Christopher Buchtmann (Germany)
Why did Liverpool FC sign this left-winger (who can also play at full-back) a year ago? Watching him in the finals, it was obvious. He scored in the opening 3-1 win against Turkey and also set up a goal in that match as well as three in the 4-0 defeat of England and the first in the 2-0 semi-final victory over Italy. His free-kick also led to the equaliser in the final. Buchtmann has plenty of skill, can switch flanks and does not shirk defensive duties.
Jack Wilshere (England)
England promised more than they delivered in the finals but Arsenal FC forward Wilshere bolstered his reputation, giving the Netherlands a torrid time in the opening game which his side were unfortunate to only draw 1-1. When he was on the ball, anything could happen, especially when he was linking with club-mate Luke Freeman or tall midfielder Jonjo Shelvey.
Lennart Thy (Germany)
Germany's three-man forward line of the big Kevin Scheidhauer, creative Mario Götze and menacing Thy was formidable, with final free-kick hero Florian Trinks in reserve. Thy especially performed impressively since it took two weeks of intensive treatment on a groin injury before the finals to get him fit, but the bustling and talented Werder Bremen striker looked to be in top shape and shared the top scorers' prize with three goals, the last the equaliser in the final.

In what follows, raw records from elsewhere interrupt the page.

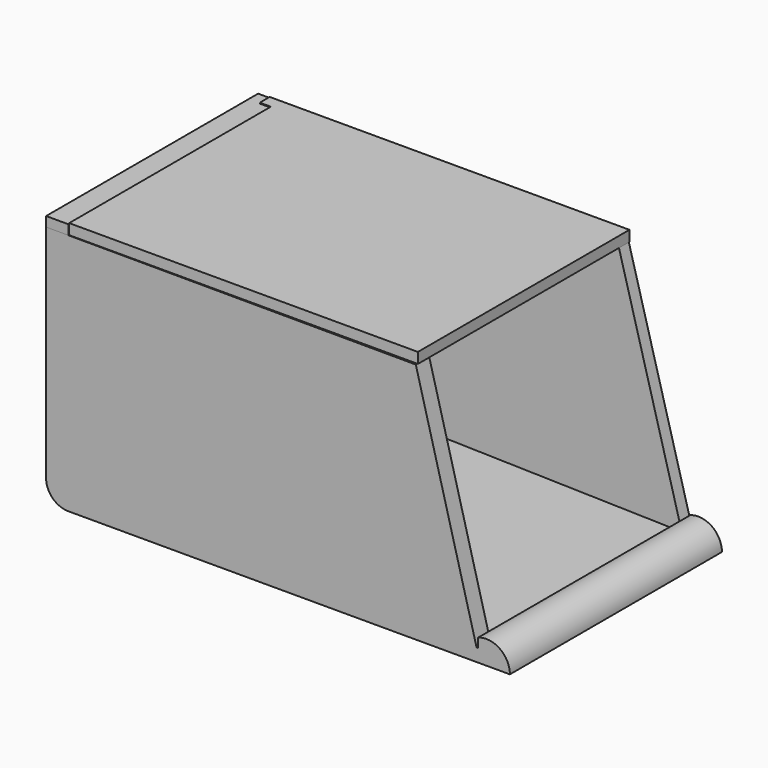
from build123d import *

# Parameters (mm, degrees)
F1_DEPTH      = 76.2
F3_DEPTH      = 3.556
F5_DEPTH      = 5.334
F6_DEPTH      = 4.826
F8_DEPTH      = 3.048
F9_DEPTH      = 2.794
F10_TEXT_SIZE = 8.3122855156
F11_DEPTH     = 2.032


# Not quite as in the source:
# - Text() gives the source's letters only with a copy of the font that has no kerning and outlines rounded to 1/6400 em; it was checked with that copy


with BuildPart() as f1:
    # F0 (on Front) → F1 (new body)
    with BuildSketch(Plane.XZ):
        with BuildLine():
            Line((-13.954042569, 51.9836902678), (-20.4556323588, 51.9836902678))
            Line((-20.4556323588, 51.9836902678), (-20.4556323588, -11.5163097322))
            ThreePointArc((-20.4556323588, -11.5163097322), (-18.5957604193, -16.0064377927), (-14.1056323588, -17.8663097322))
            Line((-14.1056323588, -17.8663097322), (112.8943676412, -17.8663097322))
            ThreePointArc((112.8943676412, -17.8663097322), (109.9933987064, -12.3107724247), (103.7766113877, -11.5163097322))
            Line((103.7766113877, -11.5163097322), (103.7766113877, -14.1639700159))
            Line((103.7766113877, -14.1639700159), (-7.7404552858, -11.5163097322))
            ThreePointArc((-7.7404552858, -11.5163097322), (-12.2359396447, -9.6510750972), (-14.0904371918, -5.1511507964))
            Line((-14.0904371918, -5.1511507964), (-13.954042569, 51.9836902678))
        make_face()
    extrude(amount=F1_DEPTH)

    # F2 (on Front) → F3 (join)
    with BuildSketch(Plane.XZ):
        Polygon((86.0033035278, 52.3340329528), (-17.1271105215, 52.3340329528), (-17.0558914542, -13.0849499255), (104.3305322528, -14.6893328056), align=None)
    extrude(amount=F3_DEPTH)

    # F4 (on face) → F5 (join)
    with BuildSketch(Plane.XZ.offset(76.2)):
        with BuildLine():
            Line((-14.0904371918, -5.1511507964), (-13.954042569, 51.9836902678))
            Line((-13.954042569, 51.9836902678), (-15.8363445937, 48.6750783097))
            Line((-15.8363445937, 48.6750783097), (-16.7530961335, -14.1639700159))
            Line((-16.7530961335, -14.1639700159), (103.7766113877, -15.9223638475))
            Line((103.7766113877, -15.9223638475), (103.3075028276, -14.1528323476))
            Line((103.3075028276, -14.1528323476), (-7.7404552858, -11.5163097322))
            ThreePointArc((-7.7404552858, -11.5163097322), (-12.2359396447, -9.6510750972), (-14.0904371918, -5.1511507964))
        make_face()
    extrude(amount=-F5_DEPTH)

    # F4 (on face) → F6 (join)
    with BuildSketch(Plane.XZ.offset(76.2)):
        Polygon((85.8376501192, 51.7454634691), (-13.954042569, 51.9836902678), (-15.8363445937, 48.6750783097), (-16.7530961335, -14.1639700159), (103.7766113877, -15.9223638475), align=None)
    extrude(amount=-F6_DEPTH)


with BuildPart() as f8:
    # F7 (on face) → F8 (new body)
    with BuildSketch(Plane.XY.offset(51.9836902678)):
        Polygon((86.3065868616, 0), (-17.1267291172, 0), (-17.1267291172, -3.556), (-13.954042569, -3.556), (-13.954042569, -71.374), (-13.954042569, -76.0283172131), (86.3065868616, -76.0283172131), align=None)
    extrude(amount=F8_DEPTH)


with BuildPart() as f9:
    # F9 (new): a face of the model
    f9_faces = [f1.part.faces().sort_by_distance(p)[0] for p in [
        (-17.2436248011, -38.946425119, 51.9836902678),
    ]]
    extrude(f9_faces, amount=F9_DEPTH)


with BuildPart() as f1_1:
    add(f1.part)

    # F10 (on face) → F11 (join)
    with BuildSketch(Plane(origin=(0, 0, 0), x_dir=(-1, 0, 0), z_dir=(0, 1, 0))):
        with Locations((-59.9257238209, 13.7624321505)):
            Text('Blue Team pd 3', F10_TEXT_SIZE, font='Open Sans', text_align=(TextAlign.LEFT, TextAlign.BOTTOM))
    extrude(amount=F11_DEPTH)


solid = Compound([f8.part, f9.part, f1_1.part])

Luc Castaignos (Netherlands)
The joint-finals top scorer could have had more than the three goals he did end up with, hitting the woodwork against Turkey and in both the group game and final with Germany. His height, his pace, his strength and finishing ability marked him out as an outstanding striker and he was blessed by having as his suppliers his Feyenoord team-mate, right-winger Shabir Isoufi, and Arsenal playmaker Oguzhan Özyakup. Isoufi teed up his opener in the final while Özyakup set Castaignos up to rattle the post.
This list has been determined by uefa.com reporters working at the tournament. The UEFA Technical Study group will produce an official team of the tournament as part of their technical report on the finals.